Farm loan waivers: Easier said than done?

By Moin Qazi

A resurgence of the farm loan waiver culture in the Indian polity has got many economists and policy makers worried. In a country where a bulk of the farmland is rain-fed, the need to offer some relief to a drought-hit farmer is serious. It is an acknowledged fact that loan waivers are a wrong practice and have several detrimental long term implications. They punish farmers who have been diligent with repayments and encourage errant behaviour among uncooperative borrowers like lax credit discipline and the use of borrowed funds for non-agricultural purposes.

Trouble in Maharashtra

The debt forgiveness in Tamil Nadu (around Rs. 8,000 crores) and Uttar Pradesh (around Rs. 37,000 crores) has led to a growing chorus for a waiver of agricultural loans in Maharashtra as well. “The unintended consequence of this could be reduced availability of credit to farmers from banks, forcing them to resort to the unorganised lending sector,” India Ratings, the local arm of Fitch, said in a research note. 

Farmers from Maharashtra are on an indefinite strike, curtailing the supply of vegetables, fruits and milk to cities like Mumbai in a move that could push up food prices in the coming days. Indebted farmers are demanding a waiver on loans from the government of the big farming state similar to the debt forgiveness announced by Uttar Pradesh in April. Maharashtra would have to spend Rs 30,500 crore ($4.73 billion) to write off debts owed by 3.2 million farmers, Fadnavis had said in April.

The economics behind loan waivers

Loan waivers are both ‘bad politics’ and ‘bad economics’. Indebtedness is the most acute problem faced by small and marginal farmers. However, their borrowings are primarily from moneylenders and hence a loan waiver is not going to make any sense for them. It is the richer farmers who are the real beneficiaries of such populist policies. The problems faced by small farmers are complex and require a ruthless political will to address them. Their landholdings are below the economically viable threshold — the result is the cyclical appearance of bad loans and poor rainfall. Loan waivers have little to do with ending the conditions that lead to such problems.

In a sense, it is also a story of unfinished reforms in India. The question should be why almost 55% of the population is producing only 17% of the output. Unless this huge swathe of the population is empowered, loan waivers will remain a constant feature of the agricultural landscape.

Frequent debt waivers may prompt banks to invest in alternatives to farm lending such as the Rural Infrastructure Development Fund instead of reaching out to individuals farmers to meet their agriculture lending targets, giving a field day for the local moneylender.

Missing pieces of the jigsaw puzzle

The waiver does not take into account the loans farmers have taken from the informal sector. There is also no distinction between voluntary and involuntary defaults, so it actually rewards those that have willfully defaulted. Additionally, the scheme does not take into account climatic conditions and fertility of the soil. Farmers in certain areas face a higher risk of crop loss on account of weather conditions they have no control over.

Small farmers have little access to technology and irrigation techniques. This makes them one of the most vulnerable groups to climate change. Farming for them is grinding physical work, largely supported by their family, with each new generation being pushed into increasingly smaller plots of land. From threshing and bundling to separating grains by hand, crops have to be planted, picked, harvested and hauled by them.

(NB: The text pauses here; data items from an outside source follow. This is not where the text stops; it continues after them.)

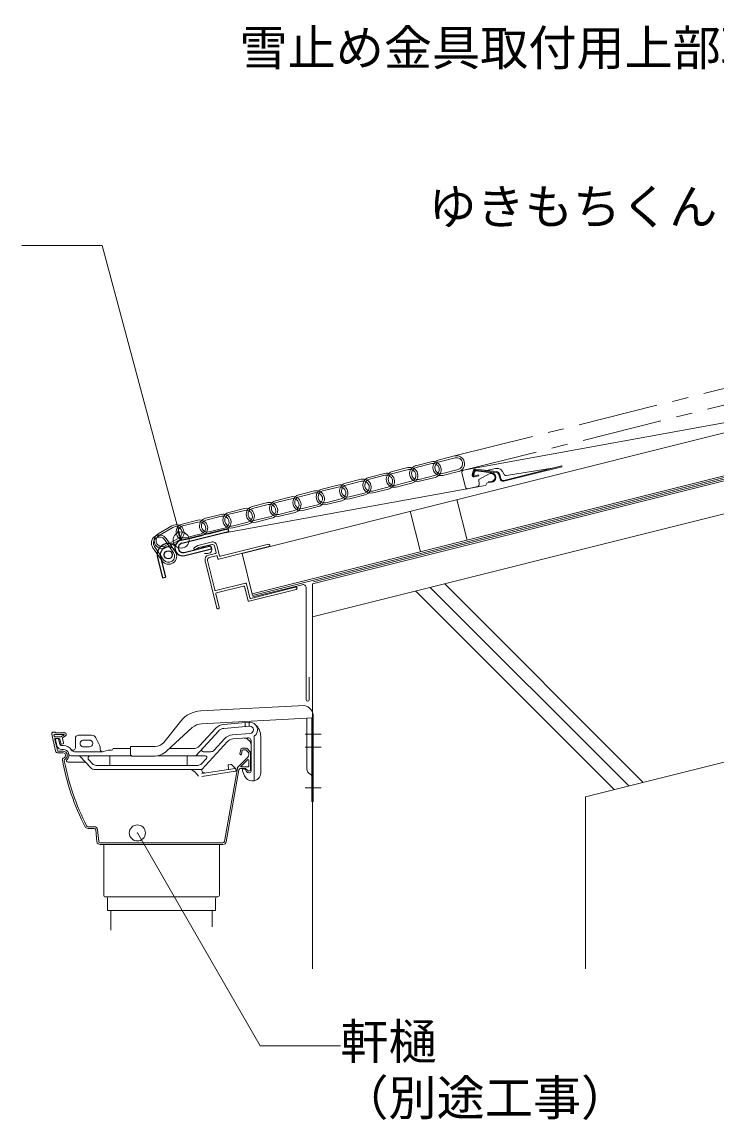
# Model space of a CAD drawing. Units: millimetres on the paper, with parts at other scales. Extents: x -210 to 210, y -235 to 150.
# Drawn here: x 62.7 to 106, y -9.5 to 58.9 of the extents above; entities that cross this region are included whole.
import ezdxf
from ezdxf.enums import TextEntityAlignment as Align

# ---------------------------------------------------------------- set-up
doc = ezdxf.new("R2010")
doc.units = ezdxf.units.MM
doc.header["$PDMODE"] = 32
doc.header["$PDSIZE"] = 1
doc.linetypes.add('CHAIN1', pattern=[8, 5, -1, 1, -1])
for name, color, linetype, lineweight in [('0-0', 7, 'Continuous', 18), ('0-2', 5, 'Continuous', 9), ('0-4', 5, 'Continuous', 9), ('0-7', 5, 'Continuous', 9), ('0-9', 2, 'Continuous', 25)]:
    doc.layers.add(name, color=color, linetype=linetype, lineweight=lineweight)
doc.styles.add('ＭＳ ゴシック', font='')
doc.styles.get('ＭＳ ゴシック').set_extended_font_data('MS Gothic')

msp = doc.modelspace()

# ---------------------------------------------------------------- linework, layer by layer
at = {"layer": '0-0'}
for p, q in [((73.883, 15.952), (80.348, 16.291)), ((71.582, 13.99), (72.645, 15.317)), ((73.934, 15.154), (80.899, 15.519)), ((75.316, 15.114), (76.909, 15.24)), ((76.66, 15.22), (76.66, 14.969)), ((76.909, 15.24), (76.909, 14.989)), ((77.295, 15.091), (77.267, 15.117)), ((80.499, 12.351), (80.499, 15.498)), ((80.799, 15.538), (80.799, 10.302)), ((80.899, 10.302), (80.899, 15.607)), ((64.701, 14.631), (64.839, 14.631)), ((64.735, 14.415), (64.745, 14.375)), ((64.784, 14.476), (65.361, 14.476)), ((64.839, 14.581), (64.839, 14.631)), ((64.839, 14.581), (65.185, 14.581)), ((65.168, 14.343), (65.366, 14.458)), ((65.195, 14.601), (65.185, 14.581)), ((65.195, 14.601), (65.205, 14.581)), ((65.205, 14.581), (65.285, 14.581)), ((65.295, 14.601), (65.285, 14.581)), ((65.295, 14.601), (65.305, 14.581)), ((65.295, 14.296), (65.459, 14.39)), ((65.305, 14.581), (65.385, 14.581)), ((65.395, 14.601), (65.385, 14.581)), ((65.395, 14.601), (65.405, 14.581)), ((66.268, 14.437), (67.08, 14.437)), ((71.775, 13.457), (73.36, 14.913)), ((73.581, 13.157), (75.02, 14.719)), ((73.804, 13.769), (74.823, 14.874)), ((75.316, 14.863), (76.929, 14.991)), ((75.864, 14.455), (76.964, 14.542)), ((77.222, 14.379), (77.222, 11.604)), ((80.399, 14.502), (81.399, 14.502)), ((64.792, 14.17), (64.952, 13.475)), ((64.793, 14.336), (65.143, 14.336)), ((64.926, 13.778), (64.836, 14.165)), ((64.841, 14.231), (65.045, 14.231)), ((64.885, 14.226), (64.982, 14.226)), ((65.031, 14.187), (65.104, 13.873)), ((65.094, 14.193), (65.157, 13.919)), ((65.322, 13.796), (65.201, 13.796)), ((65.217, 13.881), (65.299, 13.9)), ((65.271, 14.241), (65.336, 13.96)), ((66.072, 14.237), (66.072, 13.648)), ((66.939, 14.137), (66.587, 14.137)), ((66.939, 13.707), (66.598, 13.707)), ((67.35, 14.268), (67.592, 13.769)), ((69.5, 13.727), (71.035, 13.727)), ((69.5, 13.727), (69.5, 13.277)), ((73.954, 12.307), (75.555, 14.046)), ((74.716, 13.504), (75.372, 14.215)), ((75.884, 14.206), (76.806, 14.279)), ((76.822, 14.174), (76.934, 14.062)), ((77.022, 14.079), (77.022, 12.194)), ((77.622, 14.352), (77.622, 12.094)), ((80.399, 13.702), (81.399, 13.702)), ((64.954, 13.331), (65.018, 13.331)), ((65.001, 13.436), (65.316, 13.436)), ((65.018, 13.331), (65.028, 13.311)), ((65.038, 13.331), (65.028, 13.311)), ((65.038, 13.331), (65.118, 13.331)), ((65.118, 13.331), (65.128, 13.311)), ((65.138, 13.331), (65.128, 13.311)), ((65.138, 13.331), (65.218, 13.331)), ((65.218, 13.546), (65.322, 13.546)), ((65.218, 13.331), (65.228, 13.311)), ((65.238, 13.331), (65.228, 13.311)), ((65.238, 13.331), (65.316, 13.331)), ((65.313, 13.006), (65.391, 13.051)), ((69.56, 13.157), (65.809, 13.157)), ((67.772, 13.407), (66.008, 13.407)), ((66.366, 13.11), (67.033, 12.402)), ((67.622, 13.557), (67.622, 13.639)), ((67.815, 13.414), (68.122, 13.507)), ((68.322, 13.507), (68.122, 13.507)), ((68.222, 13.157), (68.222, 12.557)), ((69.5, 13.607), (68.422, 13.607)), ((69.65, 13.127), (70.929, 13.127)), ((71.201, 13.157), (74.169, 13.157)), ((73.437, 13.607), (71.939, 13.607)), ((73.047, 13.157), (73.047, 12.557)), ((74.04, 13.407), (74.496, 13.407)), ((76.21, 12.461), (76.826, 13.077)), ((76.327, 13.281), (76.374, 13.549)), ((76.368, 13.223), (76.373, 13.222)), ((76.43, 13.262), (76.47, 13.485)), ((76.473, 13.631), (76.697, 13.631)), ((76.519, 13.526), (76.675, 13.526)), ((76.71, 13.512), (76.87, 13.352)), ((76.769, 13.601), (76.959, 13.411)), ((76.884, 13.317), (76.884, 13.218)), ((76.989, 13.339), (76.989, 12.303)), ((65.43, 12.953), (65.443, 12.96)), ((65.618, 12.757), (66.698, 12.757)), ((66.903, 12.904), (67.141, 12.652)), ((67.359, 12.557), (73.713, 12.557)), ((73.933, 12.654), (74.242, 12.99)), ((76.024, 12.355), (73.952, 12.057)), ((75.362, 7.809), (76.169, 12.381)), ((75.62, 12.347), (75.591, 12.545)), ((75.757, 12.619), (75.634, 12.602)), ((75.8, 12.605), (76.066, 12.34)), ((76.089, 12.263), (76.078, 12.329)), ((76.356, 12.361), (76.648, 12.361)), ((76.381, 12.483), (76.799, 12.902)), ((76.388, 12.466), (76.837, 12.466)), ((76.658, 12.312), (76.742, 12.168)), ((76.719, 12.332), (76.819, 12.232)), ((76.884, 12.866), (76.884, 12.514)), ((67.251, 12.307), (73.954, 12.307)), ((73.954, 11.857), (76.048, 12.205)), ((75.467, 7.796), (76.257, 12.279)), ((76.61, 11.904), (76.479, 12.223)), ((76.872, 12.094), (76.922, 12.094)), ((77.072, 11.594), (77.122, 11.594)), ((80.399, 11.152), (81.399, 11.152)), ((80.799, 10.302), (80.899, 10.302)), ((66.859, 8.631), (67.247, 8.631)), ((66.862, 8.736), (67.251, 8.736)), ((67.346, 8.541), (67.419, 7.81)), ((67.45, 8.556), (67.524, 7.816)), ((67.618, 7.63), (75.27, 7.63)), ((67.624, 7.726), (75.264, 7.726)), ((67.844, 7.63), (67.844, 4.47)), ((75.044, 7.63), (75.044, 4.47)), ((67.944, 4.37), (74.944, 4.37)), ((68.074, 3.53), (68.074, 4.27)), ((68.284, 2.296), (68.284, 3.515)), ((74.604, 2.508), (74.604, 3.515))]:
    msp.add_line(p, q, dxfattribs=at)
msp.add_lwpolyline([(68.074, 3.53), (74.814, 3.53), (74.814, 4.27)], dxfattribs=at)
for centre, radius, start, end in [((73.972, 14.255), 1.7, 92.99996, 141.3118), ((80.199, 15.607), 0.7, 0, 77.76585), ((73.982, 14.235), 0.92, 92.99996, 132.57452), ((75.375, 14.366), 0.75, 94.51386, 137.35319), ((76.947, 14.766), 0.475, 305.38025, 94.51404), ((76.622, 14.352), 1, 0, 47.65696), ((64.701, 14.531), 0.1, 89.99998, 190.81805), ((79.336, 17.328), 15, 190.81807, 195.15842), ((64.784, 14.426), 0.05, 89.99998, 193), ((64.793, 14.386), 0.05, 193.00001, 270.00003), ((65.361, 14.466), 0.01, 300, 90.00003), ((65.408, 14.479), 0.102, 300, 91.47394), ((66.272, 14.237), 0.2, 89.99998, 180.00002), ((67.08, 14.137), 0.3, 25.82733, 89.99998), ((75.351, 14.415), 0.45, 94.51397, 137.35324), ((75.923, 13.707), 0.75, 94.51397, 137.3533), ((76.947, 14.766), 0.225, 274.51407, 94.51404), ((64.841, 14.181), 0.05, 89.99998, 193), ((64.885, 14.176), 0.05, 89.99998, 193.0919), ((65.218, 13.846), 0.3, 193.09192, 270.00003), ((64.982, 14.176), 0.05, 13.09189, 89.99998), ((65.045, 14.181), 0.05, 13, 89.99998), ((65.201, 13.896), 0.1, 193.09192, 270.00003), ((65.143, 14.386), 0.05, 270.00003, 300), ((65.206, 13.93), 0.05, 193.00001, 283.00006), ((65.32, 14.252), 0.05, 120.00003, 193), ((65.288, 13.949), 0.05, 283.00006, 13.00003), ((65.322, 13.196), 0.6, 30.93725, 89.99999), ((66.587, 13.922), 0.215, 89.99998, 270), ((66.939, 13.922), 0.215, 270.00003, 90.00003), ((67.322, 13.639), 0.3, 0, 25.82735), ((71.035, 14.427), 0.7, 269.99997, 321.3118), ((73.437, 14.107), 0.5, 270.00003, 317.35333), ((75.923, 13.707), 0.5, 94.51397, 137.3533), ((76.609, 13.962), 0.3, 45, 94.51397), ((76.822, 14.079), 0.2, 0, 94.51397), ((76.722, 13.85), 0.3, 0, 45), ((64.954, 13.431), 0.1, 195.15842, 270.00003), ((65.001, 13.486), 0.05, 193.00001, 270.00003), ((65.363, 12.92), 0.1, 120.00003, 190.39426), ((65.316, 13.181), 0.255, 300, 90.00003), ((65.316, 13.181), 0.15, 300, 90.00003), ((65.322, 13.196), 0.35, 311.1741, 90.00003), ((65.809, 13.307), 0.15, 192.85938, 270.00003), ((65.922, 13.646), 0.15, 216.86995, 0), ((66.008, 13.607), 0.2, 210.9373, 270.00003), ((66.257, 13.007), 0.15, 43.2643, 89.99998), ((67.012, 13.007), 0.15, 89.99998, 223.2643), ((67.772, 13.557), 0.15, 180.00003, 286.97403), ((68.322, 13.607), 0.1, 270.00003, 0), ((69.65, 13.277), 0.15, 179.99991, 269.99994), ((70.929, 14.377), 1.25, 269.99997, 312.57449), ((74.04, 13.507), 0.1, 137.35303, 270.0004), ((74.169, 13.057), 0.1, 317.35333, 90.00003), ((74.496, 13.707), 0.3, 270.00034, 317.35352), ((76.376, 13.272), 0.05, 170.00001, 260), ((76.381, 13.271), 0.05, 260.00003, 350.00006), ((76.473, 13.531), 0.1, 89.99998, 170.00001), ((76.519, 13.476), 0.05, 89.99998, 170.00001), ((76.675, 13.476), 0.05, 45, 89.99998), ((76.697, 13.529), 0.102, 45, 89.99998), ((76.684, 13.218), 0.2, 315.00003, 0), ((76.834, 13.317), 0.05, 0, 45), ((76.887, 13.339), 0.102, 0, 45), ((80.07, 15.618), 15.053, 190.39427, 207.1902), ((65.48, 12.866), 0.1, 120.00003, 190.67976), ((80.07, 15.618), 14.947, 190.67978, 207.17845), ((65.618, 12.857), 0.1, 131.17406, 270), ((67.251, 12.607), 0.3, 223.26431, 270.00003), ((67.359, 12.857), 0.3, 223.26431, 270.00003), ((73.713, 12.857), 0.3, 270.00031, 317.35352), ((74.116, 12.244), 0.162, 137.3533, 278.16415), ((75.57, 12.34), 0.05, 278.16418, 8.16415), ((75.641, 12.552), 0.05, 98.16413, 188.16412), ((75.765, 12.57), 0.05, 45.18168, 98.16413), ((76.031, 12.305), 0.05, 10.38871, 98.16413), ((76.316, 12.355), 0.15, 135, 170.00001), ((76.356, 12.261), 0.1, 89.99998, 170.00001), ((76.388, 12.476), 0.01, 135, 270), ((76.572, 12.261), 0.1, 30.34142, 202.25223), ((76.648, 12.261), 0.1, 45, 89.99998), ((76.834, 12.866), 0.05, 0, 135), ((76.837, 12.514), 0.0475, 270.00006, 0), ((80.899, 12.351), 0.4, 179.99999, 246.4216), ((72.874, 11.382), 1, 29.99938, 67.66685), ((76.04, 12.255), 0.05, 279.43726, 9.49582), ((77.072, 12.094), 0.5, 202.2523, 270.00003), ((76.872, 12.244), 0.15, 210.34126, 270.00003), ((76.889, 12.303), 0.1, 225, 0), ((76.922, 12.194), 0.1, 270.00003, 0), ((77.122, 12.094), 0.5, 270.00003, 0), ((80.699, 11.892), 0.1, 0, 66.42162), ((66.859, 8.831), 0.2, 207.1902, 270.00003), ((66.862, 8.836), 0.1, 207.17845, 270.00003), ((67.247, 8.531), 0.1, 5.71084, 89.99998), ((67.251, 8.536), 0.2, 5.71084, 89.99998), ((67.618, 7.83), 0.2, 185.71085, 270), ((67.624, 7.826), 0.1, 185.71085, 270), ((75.264, 7.826), 0.1, 270, 350), ((75.27, 7.83), 0.2, 270, 350), ((67.944, 4.47), 0.1, 179.99997, 270), ((67.974, 4.27), 0.1, 0, 89.99998), ((74.914, 4.27), 0.1, 89.99998, 179.99997), ((74.944, 4.47), 0.1, 270.00003, 0)]:
    msp.add_arc(centre, radius, start, end, dxfattribs=at)
at = {"layer": '0-2'}
for p, q in [((76.461, 25.762), (208.844, 58.858)), ((77.091, 23.24), (208.844, 56.178)), ((77.116, 23.143), (208.844, 56.075)), ((80.851, 23.871), (208.844, 55.869)), ((80.902, 23.987), (208.844, 55.972)), ((80.851, 21.809), (208.844, 53.807)), ((97.851, 10.597), (208.844, 38.346)), ((90.256, 30.938), (109.263, 34.394)), ((90.153, 30.778), (90.378, 29.88)), ((90.798, 30.649), (90.865, 30.903)), ((90.913, 30.89), (90.847, 30.636)), ((90.892, 30.612), (90.951, 30.835)), ((92.299, 30.803), (90.999, 30.949)), ((91.005, 30.999), (92.304, 30.852)), ((91.037, 30.895), (92.005, 30.786)), ((91.69, 30.929), (92.262, 31.041)), ((92.764, 30.302), (96.383, 31.207)), ((96.395, 31.158), (92.776, 30.254)), ((95.9, 31.086), (92.934, 30.603)), ((96.383, 31.207), (96.395, 31.158)), ((90.907, 30.575), (91.198, 30.648)), ((91.21, 30.599), (90.919, 30.526)), ((91.198, 30.648), (91.21, 30.599)), ((91.212, 30.316), (91.23, 30.07)), ((91.855, 30.709), (91.255, 30.393)), ((91.79, 30.223), (91.99, 30.238)), ((91.994, 30.188), (91.792, 30.173)), ((92.534, 30.399), (92.47, 30.653)), ((92.519, 30.665), (92.582, 30.411)), ((74.828, 26.929), (91.606, 29.98)), ((90.535, 29.785), (91.132, 29.934)), ((89.849, 29.109), (90.479, 26.587)), ((86.938, 28.382), (87.569, 25.859)), ((73.708, 26.26), (73.487, 26.137)), ((73.764, 26.119), (73.56, 26.006)), ((73.708, 26.26), (74.533, 26.466)), ((73.764, 26.119), (74.569, 26.32)), ((74.231, 26.236), (73.783, 26.049)), ((74.751, 26.211), (74.848, 25.823)), ((74.896, 26.248), (75.054, 25.617)), ((75.006, 25.399), (78.134, 26.181)), ((75.115, 25.581), (78.098, 26.326)), ((74.123, 25.758), (74.323, 25.755)), ((74.302, 25.326), (74.763, 23.483)), ((74.375, 25.653), (74.812, 25.762)), ((74.411, 25.508), (74.848, 25.617)), ((74.909, 25.581), (74.945, 25.435)), ((76.461, 25.762), (77.116, 23.143)), ((74.157, 25.289), (74.89, 22.355)), ((74.824, 23.446), (76.667, 23.907)), ((74.86, 23.301), (76.558, 23.725)), ((76.618, 23.689), (76.837, 22.816)), ((76.728, 23.871), (76.946, 22.998)), ((76.897, 22.779), (79.832, 23.513)), ((77.007, 22.961), (79.796, 23.658)), ((77.14, 23.046), (80.202, 23.812)), ((80.451, 23.618), (80.451, 16.655)), ((80.851, 23.871), (80.851, -0.118)), ((99.654, 11.048), (87.285, 23.418)), ((100.559, 11.275), (88.19, 23.644)), ((101.464, 11.501), (89.095, 23.87)), ((74.824, 23.24), (75.036, 22.391)), ((80.651, 18.055), (80.651, 16.655)), ((97.851, 10.597), (97.851, -0.118))]:
    msp.add_line(p, q, dxfattribs=at)
for centre, radius, start, end in [((90.279, 30.81), 0.13, 100.3062, 194.03624), ((90.99, 30.87), 0.13, 83.56872, 165.31618), ((90.99, 30.87), 0.08, 83.56871, 165.31651), ((91.028, 30.815), 0.08, 83.56872, 165.31651), ((91.661, 31.076), 0.2, 263.56871, 281.0857), ((91.661, 31.076), 0.15, 263.56872, 281.08567), ((91.972, 30.487), 0.3, 274.19636, 83.56872), ((92.345, 30.619), 0.43, 13.13946, 101.08567), ((92.276, 30.604), 0.2, 14.03624, 83.56871), ((92.276, 30.604), 0.25, 14.03624, 83.56872), ((90.895, 30.623), 0.1, 165.31618, 284.03624), ((90.895, 30.623), 0.05, 165.31651, 284.03624), ((91.292, 30.322), 0.08, 117.73668, 184.19636), ((91.801, 30.044), 0.13, 94.19636, 175.98315), ((91.972, 30.487), 0.25, 274.19636, 117.73668), ((92.728, 30.448), 0.2, 194.03624, 284.03624), ((92.728, 30.448), 0.15, 194.03624, 284.03624), ((92.91, 30.751), 0.15, 193.13946, 279.25413), ((90.504, 29.911), 0.13, 194.03624, 284.03624), ((91.101, 30.06), 0.13, 284.03624, 4.19636), ((91.592, 30.058), 0.08, 280.3062, 355.98315), ((73.523, 26.071), 0.075, 119.03624, 299.03624), ((74.327, 26.005), 0.25, 269.10315, 112.64348), ((74.605, 26.175), 0.3, 14.03624, 104.03624), ((74.605, 26.175), 0.15, 14.03624, 104.03624), ((78.116, 26.254), 0.075, 284.03624, 104.03624), ((74.448, 25.362), 0.3, 104.03624, 194.03624), ((74.448, 25.362), 0.15, 104.03624, 194.03624), ((74.799, 25.811), 0.05, 284.03624, 14.03624), ((74.86, 25.568), 0.05, 14.03624, 104.03624), ((74.994, 25.447), 0.05, 194.03624, 284.03624), ((75.103, 25.629), 0.05, 194.03624, 284.03624), ((74.812, 23.495), 0.05, 194.03624, 284.03624), ((74.872, 23.252), 0.05, 104.03624, 194.03624), ((76.57, 23.677), 0.05, 14.03624, 104.03624), ((76.679, 23.859), 0.05, 14.03624, 104.03624), ((79.814, 23.586), 0.075, 284.03624, 104.03624), ((80.251, 23.618), 0.2, 0, 104.03624), ((76.885, 22.828), 0.05, 194.03624, 284.03624), ((76.994, 23.01), 0.05, 194.03624, 284.03624), ((74.963, 22.373), 0.075, 194.03624, 14.03624), ((80.551, 16.655), 0.1, 180, 270), ((80.551, 16.655), 0.1, 270, 0)]:
    msp.add_arc(centre, radius, start, end, dxfattribs=at)
at = {"layer": '0-4'}
for points in [[(72.659, 26.593), (67.743, 44.94), (62.743, 44.94)], [(69.934, 8.349), (77.584, -4.902), (82.584, -4.902)]]:
    msp.add_lwpolyline(points, dxfattribs=at)
for p in [(72.659, 26.593), (69.934, 8.349)]:
    msp.add_point(p, dxfattribs=at)
at = {"layer": '0-7', "linetype": 'CHAIN1'}
for p, q in [((89.703, 31.83), (116.58, 38.55)), ((89.945, 30.86), (116.823, 37.579))]:
    msp.add_line(p, q, dxfattribs=at)
at = {"layer": '0-7'}
for p, q in [((87.277, 31.224), (88.247, 31.466)), ((88.733, 31.588), (89.703, 31.83)), ((88.762, 31.471), (89.732, 31.714)), ((85.822, 30.86), (86.792, 31.102)), ((85.851, 30.744), (86.821, 30.986)), ((87.306, 31.107), (88.277, 31.35)), ((88.946, 30.734), (89.916, 30.976)), ((89.945, 30.86), (88.975, 30.617)), ((82.912, 30.132), (83.882, 30.375)), ((82.941, 30.016), (83.911, 30.258)), ((84.367, 30.496), (85.337, 30.739)), ((84.396, 30.38), (85.366, 30.622)), ((86.036, 30.006), (87.006, 30.249)), ((87.035, 30.132), (86.065, 29.89)), ((87.491, 30.37), (88.461, 30.613)), ((88.49, 30.496), (87.52, 30.254)), ((80.001, 29.405), (80.971, 29.647)), ((80.03, 29.288), (81, 29.531)), ((81.456, 29.769), (82.427, 30.011)), ((81.486, 29.652), (82.456, 29.895)), ((83.125, 29.279), (84.095, 29.521)), ((84.58, 29.642), (85.55, 29.885)), ((85.58, 29.769), (84.609, 29.526)), ((77.091, 28.677), (78.061, 28.92)), ((77.12, 28.561), (78.09, 28.803)), ((78.546, 29.041), (79.516, 29.283)), ((78.575, 28.925), (79.545, 29.167)), ((80.215, 28.551), (81.185, 28.794)), ((81.67, 28.915), (82.64, 29.157)), ((82.669, 29.041), (81.699, 28.798)), ((84.124, 29.405), (83.154, 29.162)), ((74.18, 27.95), (75.151, 28.192)), ((74.209, 27.833), (75.18, 28.076)), ((75.636, 28.313), (76.606, 28.556)), ((75.665, 28.197), (76.635, 28.439)), ((77.304, 27.823), (78.274, 28.066)), ((78.759, 28.187), (79.73, 28.43)), ((79.759, 28.313), (78.789, 28.071)), ((81.214, 28.677), (80.244, 28.435)), ((71.227, 26.986), (72.093, 27.486)), ((71.287, 26.883), (72.153, 27.383)), ((72.725, 27.586), (73.695, 27.828)), ((72.754, 27.469), (73.724, 27.712)), ((75.849, 27.46), (76.819, 27.702)), ((76.848, 27.586), (75.878, 27.343)), ((78.303, 27.95), (77.333, 27.707)), ((71.667, 26.224), (72.533, 26.724)), ((71.721, 26.689), (72.295, 25.87)), ((72.939, 26.732), (73.909, 26.975)), ((73.938, 26.858), (72.968, 26.616)), ((74.394, 27.096), (75.364, 27.338)), ((75.393, 27.222), (74.423, 26.979)), ((71.475, 25.296), (70.902, 26.115)), ((71.574, 25.365), (71, 26.184)), ((72.196, 25.801), (71.623, 26.62)), ((72.593, 26.62), (71.727, 26.12))]:
    msp.add_line(p, q, dxfattribs=at)
for centre, radius, start, end in [((88.369, 30.981), 0.5, 284.03624, 104.03624), ((88.854, 31.102), 0.5, 104.03624, 284.03624), ((88.854, 31.102), 0.38, 104.03624, 284.03624), ((89.824, 31.345), 0.5, 284.03624, 104.03624), ((89.824, 31.345), 0.38, 284.03624, 104.03624), ((85.943, 30.375), 0.5, 104.03624, 284.03624), ((86.913, 30.617), 0.5, 284.03624, 104.03624), ((86.913, 30.617), 0.38, 284.03624, 104.03624), ((87.399, 30.739), 0.5, 104.03624, 284.03624), ((87.399, 30.739), 0.38, 104.03624, 284.03624), ((88.369, 30.981), 0.38, 284.03624, 104.03624), ((83.033, 29.647), 0.5, 104.03624, 284.03624), ((84.003, 29.89), 0.5, 284.03624, 104.03624), ((84.003, 29.89), 0.38, 284.03624, 104.03624), ((84.488, 30.011), 0.5, 104.03624, 284.03624), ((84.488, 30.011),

Years of market-oriented reforms have unleashed a wave of capitalism and entrepreneurialism across India. High-end sectors such as information technology have made impressive strides leading to adulatory portrayals of India at home and abroad as an economic juggernaut. Despite this success, the benefits of reform have yet to extend to the hundreds of millions who toil on the land. The government has slashed or phased out subsidies for some crops, shredding a key safety net.

In a post on his Gates Note blog, Bill Gates said that it was critical to protect small farmers in the world’s poorest countries because they produce a large and growing share of the world’s food supply yet face greater risks due to climate change. In his words, “For the world’s poorest farmers, life is a high-wire act without any safety nets.” Nothing could be more true in the Indian context.


Moin Qazi, a former banker and an accomplished poet and writer, has extensively contributed articles to leading publications around the globe and authored several books.